Ahhh! There maybe some inefficiencies/deficiencies with how comments are handled. Raise an issue on that if you spot something of concern!
Reopening. Whitespace before comment was one issue (not pyemu related). But there still seems to be an issue with sep='\s+' when writing to mult2model_info file.
I suspect that there will be issues relating to the '' the string probably needs to be r'\s+'.
More generally though, I think we need to consider what use case we are trying to cover off here:
If the extension is not ".csv" and the file is a list-like file, then the default is '\s+' internally -- no change necessary. (Actually ' ' is what get written to our mult2model info file. We collapse the spaces in the resulting model input files--sorry, not sorry).
If the extension is ".csv" but we actually have a space delimited list-like file you might be able to get away with r'\s+' (in the case when the number of spaces as delimiter is > 1 and variable).
If the file is ".csv" and array-like and is actually space delimited with multiple spaces we may have a bit of a challenge with the current code. This uses the numpy engine which when sep=None treats multiple delims as one (I believe). -- the issue we might have is that if we pass 'sep=None' for these files, internally we store sep=',' for csvs. So this is probs where we need a change.
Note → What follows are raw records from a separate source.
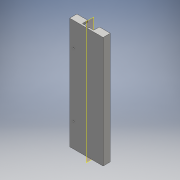
# Autodesk Inventor part: Base
Saved by Autodesk Inventor 2016 (Build 200138000, 138)
## iProperties
Created: 2015-08-31
Part Number: Base
Material: Generic
Document SubType Name: Modeling
Designer: amatiasq
Density: 1 g/cm^3
Appearance: Default
Author: amatiasq
Autodesk Inventor part; units mm, degrees
ref_plane "YZ Plane" through (0, 0, 0) normal (1, 0, 0) x (0, 1, 0)
ref_plane "XZ Plane" through (0, 0, 0) normal (0, 1, 0) x (-1, 0, 0)
ref_plane "XY Plane" through (0, 0, 0) normal (0, 0, 1) x (1, 0, 0)
sketch "Sketch1" plane through (0, 0, 0) normal (0, 1, 0) x (-1, 0, 0)
  line L0 (0, 0) -> (-60, 0)
  line L1 (-60, 0) -> (-60, -200)
  line L2 (-60, -200) -> (0, -200)
  line L3 (0, -200) -> (0, 0)
  dimension "d0" = 60
  dimension "d1" = 200
  constraints: 8 end point, 2 parallel, 1 horizontal, 1 perpendicular
  measures "d0" distance of L2.end L1.end
  measures "d1" distance of L1.end L0.end
extrude "Base" add sketch "Sketch1" along normal blind 3
sketch "Sketch4" plane through (0, 3, 0) normal (0, 1, 0) x (1, 0, 0)
  line L0 (0, 0) -> (60, 0) projected
  line L1 (60, 0) -> (60, 200) projected
  line L2 (60, 200) -> (0, 200) projected
  line L3 (0, 200) -> (0, 0) projected
  line L4 (3, 3) -> (57, 3)
  line L5 (57, 3) -> (57, 197)
  line L6 (57, 197) -> (3, 197)
  line L7 (3, 197) -> (3, 3)
  line L8 (19.7, 0) -> (40.3, 0)
  line L9 (40.3, 0) -> (40.3, 3)
  line L10 (40.3, 3) -> (19.7, 3)
  line L11 (19.7, 3) -> (19.7, 0)
  point P0 (30, 0)
  point P1 (30, 3)
  dimension "d6" = 3
  dimension "d7" = 20.6
  constraints: 16 end point, 4 midpoint, 2 parallel, 1 horizontal, 1 perpendicular, 3 other
  measures "d6" distance between parallel lines of L3 L7
  measures "d7" distance between parallel lines of L9 L11
extrude "Paredes" add sketch "Sketch4" along normal blind 10 contours L3 L2 L1 L0 L9 L4 L5 L6 L7 L11
sketch "Sketch5" plane through (0, 3, 0) normal (0, 1, 0) x (1, 0, 0)
  line L0 (27.5, 0) -> (32.5, 0)
  line L1 (32.5, 0) -> (32.5, 197)
  line L2 (32.5, 197) -> (27.5, 197)
  line L3 (27.5, 197) -> (27.5, 0)
  line L4 (19.7, 0) -> (40.3, 0) projected
  line L5 (57, 197) -> (3, 197) projected
  point P0 (0, 0)
  point P1 (30, 0)
  point P2 (30, 197)
  dimension "d10" = 5
  constraints: 8 end point, 4 midpoint, 2 parallel, 1 horizontal, 1 perpendicular
  measures "d10" distance between parallel lines of L1 L3
extrude "Canal" cut sketch "Sketch5" against normal blind 1.5
sketch "Sketch6" plane through (0, 3, 0) normal (0, 1, 0) x (1, 0, 0)
  line L0 (7, 3.0083) -> (7, 197)
  line L1 (27.5, 197) -> (3, 197) projected
  line L2 (3, 197) -> (3, 3) projected
  line L3 (3, 3) -> (19.7, 3) projected
  point P0 (0, 0)
  point P1 (7, 43)
  point P2 (7, 157)
  dimension "d13" = 4
  dimension "d14" = 40
  dimension "d15" = 40
  constraints: 3 point on line, 2 end point, 1 vertical
  measures "d13" distance between parallel lines of L0 L2
  measures "d14" distance from line of L3 point (7, 43)
  measures "d15" distance from line of L1 point (7, 157)
hole "Agujeros" at (7, 3, -43) at (7, 3, -157) direction (0, -1, 0) diameter 2 end through all
ref_plane "Mitad" through (30, 3, -3) normal (1, 0, 0) x (0, 0, -1)
sketch "Sketch9" plane through (0, 3, 0) normal (0, 1, 0) x (1, 0, 0)
  line L0 (9.4, 50) -> (14.4, 50)
  line L1 (14.4, 50) -> (14.4, 150)
  line L2 (14.4, 150) -> (9.4, 150)
  line L3 (9.4, 150) -> (9.4, 50)
  line L4 (30, 240) -> (30, -40) projected
  line L5 (3, 197) -> (3, 3) projected
  line L6 (3, 100) -> (57, 100)
  line L7 (57, 197) -> (57, 3) projected
  point P0 (0, 0)
  point P1 (14.4, 100)
  dimension "d23" = 15.6
  dimension "d24" = 100
  dimension "d25" = 5
  constraints: 10 end point, 3 midpoint, 2 parallel, 1 horizontal, 1 perpendicular, 1 point on line
  measures "d23" distance between parallel lines of L1 L4
  measures "d24" distance between parallel lines of L2 L0
  measures "d25" distance between parallel lines of L3 L1
extrude "Soporte base" add sketch "Sketch9" along normal blind 4
chamfer "Chaflán soporte" distance 2.5 angle 45 2 edges at (14.4, 5, -50) (14.4, 5, -150)
sketch "Sketch10" plane through (0, 7, 0) normal (0, 1, 0) x (1, 0, 0)
  line L0 (9.4, 90) -> (14.4, 90)
  line L1 (14.4, 90) -> (14.4, 110)
  line L2 (14.4, 110) -> (9.4, 110)
  line L3 (9.4, 110) -> (9.4, 90)
  line L4 (9.4, 150) -> (9.4, 50) projected
  line L5 (14.4, 52.5) -> (14.4, 147.5) projected
  point P0 (0, 0)
  point P1 (9.4, 100)
  point P2 (14.4, 100)
  dimension "d31" = 20
  constraints: 8 end point, 4 midpoint, 2 parallel, 1 horizontal, 1 perpendicular
  measures "d31" distance between parallel lines of L2 L0
extrude "Soporte tope" add sketch "Sketch10" along normal blind 5
mirror "Segundo soporte" about plane through (30, 3, -3) normal (1, 0, 0) of "Soporte base", "Chaflán soporte", "Soporte tope"
equation "\"d0\" = base_ancho"
equation "\"d1\" = base_largo"
equation "\"d2\" = base_alto"
equation "\"d6\" = muros_grosor"
equation "\"d7\" = hoja_ancho + 2 * margen"
equation "\"d8\" = muros_alto"
equation "\"d10\" = rail_grosor"
equation "\"d11\" = rail_alto"
equation "\"d21\" = d14"
equation "\"d23\" = 0.5 * hoja_ancho_total + 2 * margen"
equation "\"d24\" = deslizador_soporte_largo"
equation "\"d25\" = deslizador_soporte_ancho"
equation "\"d26\" = deslizador_soporte_alto"
equation "\"d28\" = 0.5 * deslizador_soporte_ancho"
equation "\"d31\" = deslizador_tope_largo"
equation "\"d32\" = deslizador_tope_alto"
equation "\"margen\" = 0.3"
equation "\"hoja_stop_largo\" = 5"
equation "\"hoja_stop_saliente\" = 5"
equation "\"hoja_stop_posicion\" = 5"
equation "\"hoja_alto\" = 3"
equation "\"rail_grosor\" = 5"
equation "\"base_alto\" = 3"
equation "\"base_ancho\" = 60"
equation "\"base_largo\" = 200"
equation "\"muros_alto\" = 10"
equation "\"muros_grosor\" = 3"
equation "\"rail_alto\" = 1.5"
equation "\"hoja_stop_biselado\" = 2"
equation "\"hoja_cola_biselado\" = 1"
equation "\"hoja_filo_biselado\" = 0.5"
equation "\"deslizador_soporte_alto\" = 4"
equation "\"deslizador_soporte_ancho\" = 5"
equation "\"deslizador_tope_alto\" = 5"
equation "\"deslizador_soporte_largo\" = 100"
equation "\"deslizador_tope_largo\" = 20"
equation "\"deslizador_alto\" = 3"
equation "\"tirador_agarre_largo\" = 3"
equation "\"deslizador_saliente\" = 5"
equation "\"deslizador_largo\" = 154"
equation "\"deslizador_interruptor_largo\" = 5"
equation "\"deslizador_interruptor_ancho\" = 7"
equation "\"hoja_ancho\" = 20"
equation "\"hoja_ancho_total\" = 30"
body "Solid1"
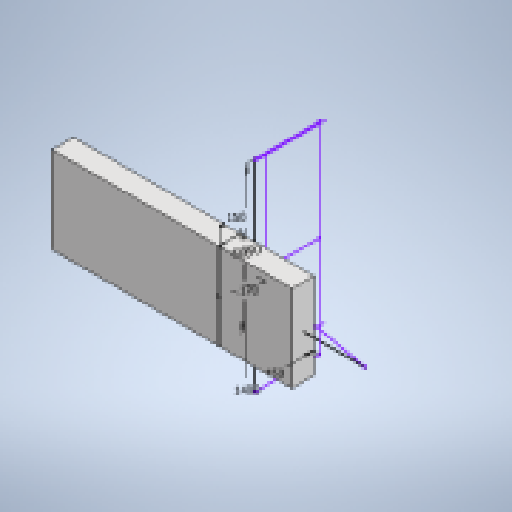
# Autodesk Inventor part: MSC DIM 012 carriage nose
Saved by Autodesk Inventor 2025.1 (Build 291241020, 241B)
## iProperties
Created: 2024-11-21
Part Number: MSC DIM 012 carriage nose
Material: Generic
Document SubType Name: Modeling
Designer: user
Density: 1 g/cm^3
Appearance: Default
Author: user
Autodesk Inventor part; units mm, degrees
ref_plane "YZ Plane" through (0, 0, 0) normal (1, 0, 0) x (0, 1, 0)
ref_plane "XZ Plane" through (0, 0, 0) normal (0, 1, 0) x (-1, 0, 0)
ref_plane "XY Plane" through (0, 0, 0) normal (0, 0, 1) x (1, 0, 0)
sketch "Sketch1" plane through (0, 0, 0) normal (1, 0, 0) x (0, 1, 0)
  line L0 (0, -300) -> (150, -300)
  line L1 (150, -300) -> (150, 300)
  line L2 (150, 300) -> (0, 300)
  line L3 (0, 300) -> (0, -300)
  line L4 (150, -110.5085) -> (250, -110.5085)
  line L5 (250, -110.5085) -> (250, 120.1522)
  line L6 (250, 120.1522) -> (150, 120.1522)
  line L7 (150, 120.1522) -> (150, -110.5085)
  line L8 (250, -527.4169) -> (326.5108, -527.4169)
  line L9 (326.5108, -527.4169) -> (326.5108, 687.4915)
  line L10 (326.5108, 687.4915) -> (250, 687.4915)
  line L11 (250, 687.4915) -> (250, -527.4169)
  line L12 (326.5108, -527.4169) -> (729.0925, -527.4169)
  line L13 (326.5108, 687.4915) -> (739.1213, 687.4915)
  point P0 (0, 0)
  point P1 (0, 0)
  dimension "d0" = 600
  dimension "d1" = 150
  dimension "d2" = 100
  constraints: 28 end point, 6 parallel, 5 horizontal, 3 perpendicular, 2 point on line, 1 coincident, 1 midpoint
  measures "d0" distance between parallel lines of L2 L0
  measures "d1" distance of L1.end L2.end
  measures "d2" distance of L5.end L6.end
sketch "Sketch2" plane through (0, 0, 0) normal (1, 0, 0) x (0, 1, 0)
  line L0 (0, -300) -> (150, -300)
  line L1 (150, -300) -> (150, 300)
  line L2 (150, 300) -> (0, 300)
  line L3 (0, 300) -> (0, -300)
  point P0 (0, 0)
  point P1 (0, 0)
  dimension "d3" = 600
  dimension "d4" = 150
  constraints: 8 end point, 2 parallel, 1 coincident, 1 horizontal, 1 midpoint, 1 perpendicular
  measures "d3" distance of L0.end L1.end
  measures "d4" distance of L1.end L2.end
extrude "Extrusion1" add sketch "Sketch2" along normal blind 507.75 and the other way blind 1159.5
sketch "Sketch3" plane through (-1159.5, 150, 300) normal (0, 1, 0) x (1, 0, 0)
  circle A0 centre (1159.5, 300) radius 75
  dimension "d9" = 150
  constraints: 1 centre point, 1 coincident
  measures "d9" diameter of A0
extrude "Extrusion2" add sketch "Sketch3" along normal blind 100
sketch3d "3D Sketch1"
equation "\"d3\" = d0"
equation "\"d4\" = d1"
equation "\"d10\" = d2"
body "Solid1"

If the user explicitly says that the array type files is space delimited (sep=' ') we might need to allow for multiple delims as one (internally change to sep=None).
Im just trying to catch-up on this convo.  I think generally (given that it is now 2022) we should treat "whitespace" as any combination of one or more spaces and/or tabs.  And I think that is what sep="\+s" and assume that when we recreate the files for the model at runtime, we can use that same definition of "whitespace" - a single space is sufficient (like B said - sorry, not sorry).  So about the file extension tho...if sep is not passed, then I think we have to rely on extension, right?  If sep is passed, then ignore extension?
It was an issue with a space before a comment_char, combined with my inability to navigate the complexity of pst_from. In a whitespace delimited file pandas thinks there is a column before the comment_char (as it would with something like: ",#comment", makes sense). Sorry my coding skills are still stuck in 1997 (a great year... if any of you were alive back then)!